The modest progress shown by California’s Project Roomkey reflects a commitment to housing rather than shelters, which is a far better use of public funds. The hurdles are considerable, among them, cost overruns and delays due to zoning laws, environmental impact statements, and other bureaucratic encumbrances. But such barriers can be reduced if political will and inter-agency cooperation become possible. 

Which cities have been able to overcome the typical obstacles?

Milwaukee and Houston are among the most recent ones to house record numbers of homeless persons. They have done so through close coordination of all interested parties — politicians, landlords, building maintenance and code violation offices, non-profit agencies, etcetera. Working together is the key to success.

And what of the 13 former hotel residents interviewed in depth for the study? What does the future hold for them?

The future of these individuals is uncertain and requires follow-up. The ones we spoke with were able to obtain housing vouchers from the city government after vocal advocacy by the organization that sponsored their stays. But how many were able to get a landlord to accept the voucher remains to be seen. 

Still, the overall message we heard from them was a glimmer of hope to find employment, reconnect with lost family members, and stay clean and sober. Any major changes are a bit too much to expect, given how far they have fallen in suffering from exposure, poor health, and traumatic experiences. But having stable housing is first and foremost.

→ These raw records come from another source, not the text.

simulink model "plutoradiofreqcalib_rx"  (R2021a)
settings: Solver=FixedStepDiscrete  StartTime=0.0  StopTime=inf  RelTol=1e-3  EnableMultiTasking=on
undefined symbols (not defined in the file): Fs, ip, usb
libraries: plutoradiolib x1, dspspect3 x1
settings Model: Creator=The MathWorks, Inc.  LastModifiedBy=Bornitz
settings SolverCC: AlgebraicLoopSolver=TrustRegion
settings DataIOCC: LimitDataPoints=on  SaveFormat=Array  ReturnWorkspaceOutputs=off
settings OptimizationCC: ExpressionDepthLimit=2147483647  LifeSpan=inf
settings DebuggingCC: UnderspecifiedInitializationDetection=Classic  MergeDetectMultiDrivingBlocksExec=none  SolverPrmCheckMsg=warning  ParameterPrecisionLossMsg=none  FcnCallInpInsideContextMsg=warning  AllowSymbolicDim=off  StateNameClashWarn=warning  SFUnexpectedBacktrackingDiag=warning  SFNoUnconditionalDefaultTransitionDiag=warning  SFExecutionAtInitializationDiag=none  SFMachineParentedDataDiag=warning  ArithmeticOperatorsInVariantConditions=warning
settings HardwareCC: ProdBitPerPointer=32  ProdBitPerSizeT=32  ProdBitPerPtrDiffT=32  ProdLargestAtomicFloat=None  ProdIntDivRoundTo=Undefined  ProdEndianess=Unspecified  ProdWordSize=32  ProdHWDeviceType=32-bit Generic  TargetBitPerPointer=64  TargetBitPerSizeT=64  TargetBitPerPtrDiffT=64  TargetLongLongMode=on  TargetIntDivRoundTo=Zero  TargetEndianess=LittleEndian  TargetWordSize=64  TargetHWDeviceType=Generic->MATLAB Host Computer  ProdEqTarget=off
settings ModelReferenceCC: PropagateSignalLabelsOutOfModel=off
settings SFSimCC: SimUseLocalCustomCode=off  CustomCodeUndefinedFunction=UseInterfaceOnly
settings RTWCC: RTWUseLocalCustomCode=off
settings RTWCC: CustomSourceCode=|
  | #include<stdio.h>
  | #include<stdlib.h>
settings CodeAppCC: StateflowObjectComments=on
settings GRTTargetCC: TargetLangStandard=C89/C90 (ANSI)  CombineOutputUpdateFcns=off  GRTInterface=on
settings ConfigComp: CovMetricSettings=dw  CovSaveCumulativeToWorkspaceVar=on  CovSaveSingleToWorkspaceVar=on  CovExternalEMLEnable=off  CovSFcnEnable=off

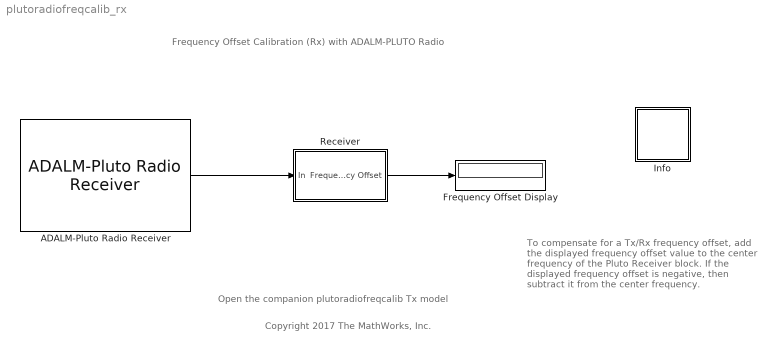
== system plutoradiofreqcalib_rx ==
  note: Frequency Offset Calibration (Rx)
      | with ADALM-PLUTO Radio
  note: Open the companion plutoradiofreqcalib Tx model
  note: Copyright 2017 The MathWorks, Inc.
  note: To compensate for a Tx/Rx frequency offset,
      | add the displayed frequency offset value to the
      | center frequency of the Pluto Receiver block. If
      | the displayed frequency offset is negative, then
      | subtract it from the center frequency.
  ADALM-Pluto Radio Receiver : plutoradiolib/ADALM-Pluto Radio Receiver  RadioID=usb:0  uri=ip:10.0.0.200  CenterFrequencySource=Dialog  CenterFrequency=1.85e9  GainSource=AGC Fast Attack  GainSourceBlock=AGC Slow Attack  Gain=20  ChannelMapping=1  BasebandSampleRate=100e3  OutputDataType=double  SamplesPerFrame=10000  OverflowOutputPort=off  EnableBurstMode=off  NumFramesInBurst=1  ShowAdvancedProperties=off  UseCustomFilter=off  filtPathRates=[737280000 11520000 3840000 1920000 960000 240000]  filtCoefficients=[-192 82 85 -215 228 -102 -110 290 -318 145 160 -426 471 -215 -238 633 -697 318 349 -923 1009 -457 -498 1309 -1423 640 693 -1812 1959 -876 -945 2458 -2647 1180 1268 -3290 3534 -1572 -1688 4375 -4698 2091 2247 -5836 6284 -2807 -3031 7918 -8588 3870 4225 -11182 12324 -5662 -6330 17255 -19735 9507 11312 -33568 43355 -25227 -42139 305542 305542 -42139 -25227 43355 -33568 11312 9507 -19735 17255 -6330 -5662 12324 -11182 4225 3870 -8588 7918 -3031 -2807 6284 -5836 2247 2091 -4698 4375 -1688 -1572 3534 -3290 1268 1180 -2647 2458 -945 -876 1959 -1812 693 640 -1423 1309 -498 -457 1009 -923 349 318 -697 633 -238 -215 471 -426 160 145 -318 290 -110 -102 228 -215 85 82 -192]  filtCoefficientSize=128  filtDecimInterpFactor=4  filtGain=-12  filtRFBandwidth=18000000  filterConfigStruct=struct()  EnableQuadratureCorrection=on  EnableRFDCCorrection=on  EnableBasebandDCCorrection=on  FrequencyCorrection=0  OverrideSampleTime=off  SampleTime=0.02  DataTimeout=Inf  ENSMPinControlMode=None  BISTLoopbackMode=Disabled  BISTToneInject=Disabled  BISTSignalGen=PRBS  BISTToneFreq=Fs/32  BISTToneLevel=0
      settings: SourceProductBaseCode=PLUTO
  Frequency Offset Display : Display
  Info : Subsystem  LoadFcn=plutoradiosetup  mask(Info){}
      settings: OpenFcn=plutoradiodoc('plutoradiofreqcalib');
      mask Display: disp('Info')
  Receiver : Subsystem
      mask Display: disp('Receiver')
  wires:
  Receiver/1(Frequency Offset) -> Frequency Offset Display/1
  ADALM-Pluto Radio Receiver/1 -> Receiver/1(In)

== system plutoradiofreqcalib_rx/Info ==

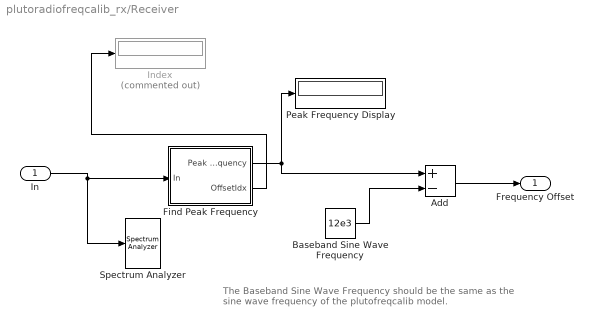
== system plutoradiofreqcalib_rx/Receiver ==
  note: The Baseband Sine Wave Frequency should be the same as
      | the sine wave frequency of the plutofreqcalib model.
  In : Inport
  Add : Sum  Inputs=+-
  Baseband Sine Wave Frequency : Constant  Value=12e3
  Find Peak Frequency : Subsystem
      mask Display: disp('Find Peak\nFrequency')
  Index : Display  Commented=on
  Peak Frequency Display : Display
  Spectrum Analyzer : SpectrumAnalyzer
  Frequency Offset : Outport  VectorParamsAs1DForOutWhenUnconnected=off
  wires:
  Baseband Sine Wave Frequency/1 -> Add/2
  Add/1 -> Frequency Offset/1
  In/1 -> Spectrum Analyzer/1, Find Peak Frequency/1(In)
  Find Peak Frequency/1(Peak Frequency) -> Add/1, Peak Frequency Display/1
  Find Peak Frequency/2(OffsetIdx) -> Index/1

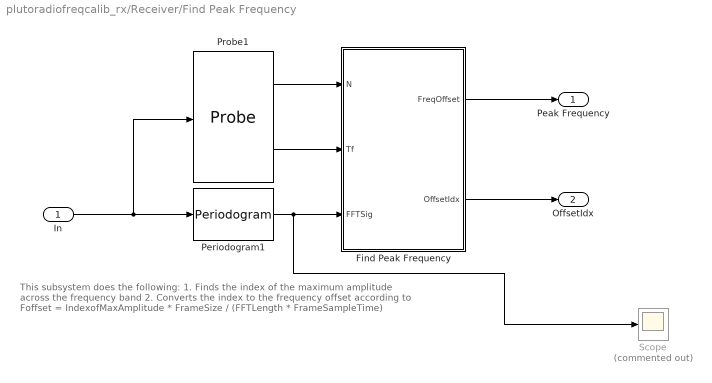
== system plutoradiofreqcalib_rx/Receiver/Find Peak Frequency ==
  note: This subsystem does the following:
      | 1.  Finds the index of the maximum amplitude across the frequency band
      | 2.  Converts the index to the frequency offset according to
      | Foffset = IndexofMaxAmplitude * FrameSize / (FFTLength * FrameSampleTime)
  In : Inport
  Find Peak Frequency : MATLAB Function  TreatAsAtomicUnit=on
  Periodogram1 : dspspect3/Periodogram  measurement=Power spectral density  wintype=Hamming  Rs=50  beta=5  winsamp=Symmetric  FFTImplementation=Auto  inheritFFT=off  fftsize=2048  navg=2  inheritTs=on  Ts=1
      settings: SourceProductBaseCode=DS
  Probe1 : Probe  ProbeComplexSignal=off
  Scope : Scope  Commented=on
  Peak Frequency : Outport  VectorParamsAs1DForOutWhenUnconnected=off
  OffsetIdx : Outport  Port=2  VectorParamsAs1DForOutWhenUnconnected=off
  wires:
  Periodogram1/1 -> Scope/1, Find Peak Frequency/3(FFTSig)
  Probe1/1 -> Find Peak Frequency/1(N)
  Probe1/2 -> Find Peak Frequency/2(Tf)
  Find Peak Frequency/1(FreqOffset) -> Peak Frequency/1
  In/1 -> Periodogram1/1, Probe1/1
  Find Peak Frequency/2(OffsetIdx) -> OffsetIdx/1

== matlab function plutoradiofreqcalib_rx/Receiver/Find Peak Frequency/Find Peak Frequency ==
  data: N input; FreqOffset output; Tf input; FFTSig input; OffsetIdx output
function  [FreqOffset, OffsetIdx] = findpeakfreq(N, Tf, FFTSig)
% Find peak frequency
% N - frame size
% Tf - frame sample time
% FFTSig - result of FFT

%#codegen

FFTSize = length(FFTSig);
FFTSig = fftshift(FFTSig);
[~, maxIdx] = max(FFTSig); % Find index of max magnitude
OffsetIdx = maxIdx-1-FFTSize/2; % Convert to index symmetric with 0
% probably mistaking if negative freq is max
% resolution df round 48Hz 
Ts = Tf(1)/N; % Sample time
delta_f = 1/Ts/FFTSize; % Frequency resolution of FFT
FreqOffset = OffsetIdx*delta_f;% Map offset index back to frequency

To your mind, what type of research still remains to be done?

Additional research would ideally track the shifting demographics of homelessness— more aged and physically ailing—and how to change support services accordingly, including palliative care. At the other end of the age continuum are homeless children and their families and the need to expand rapid-rehousing programs to end their plight early on, or even to prevent it. In any research, my top priority is to learn from homeless persons in their own words.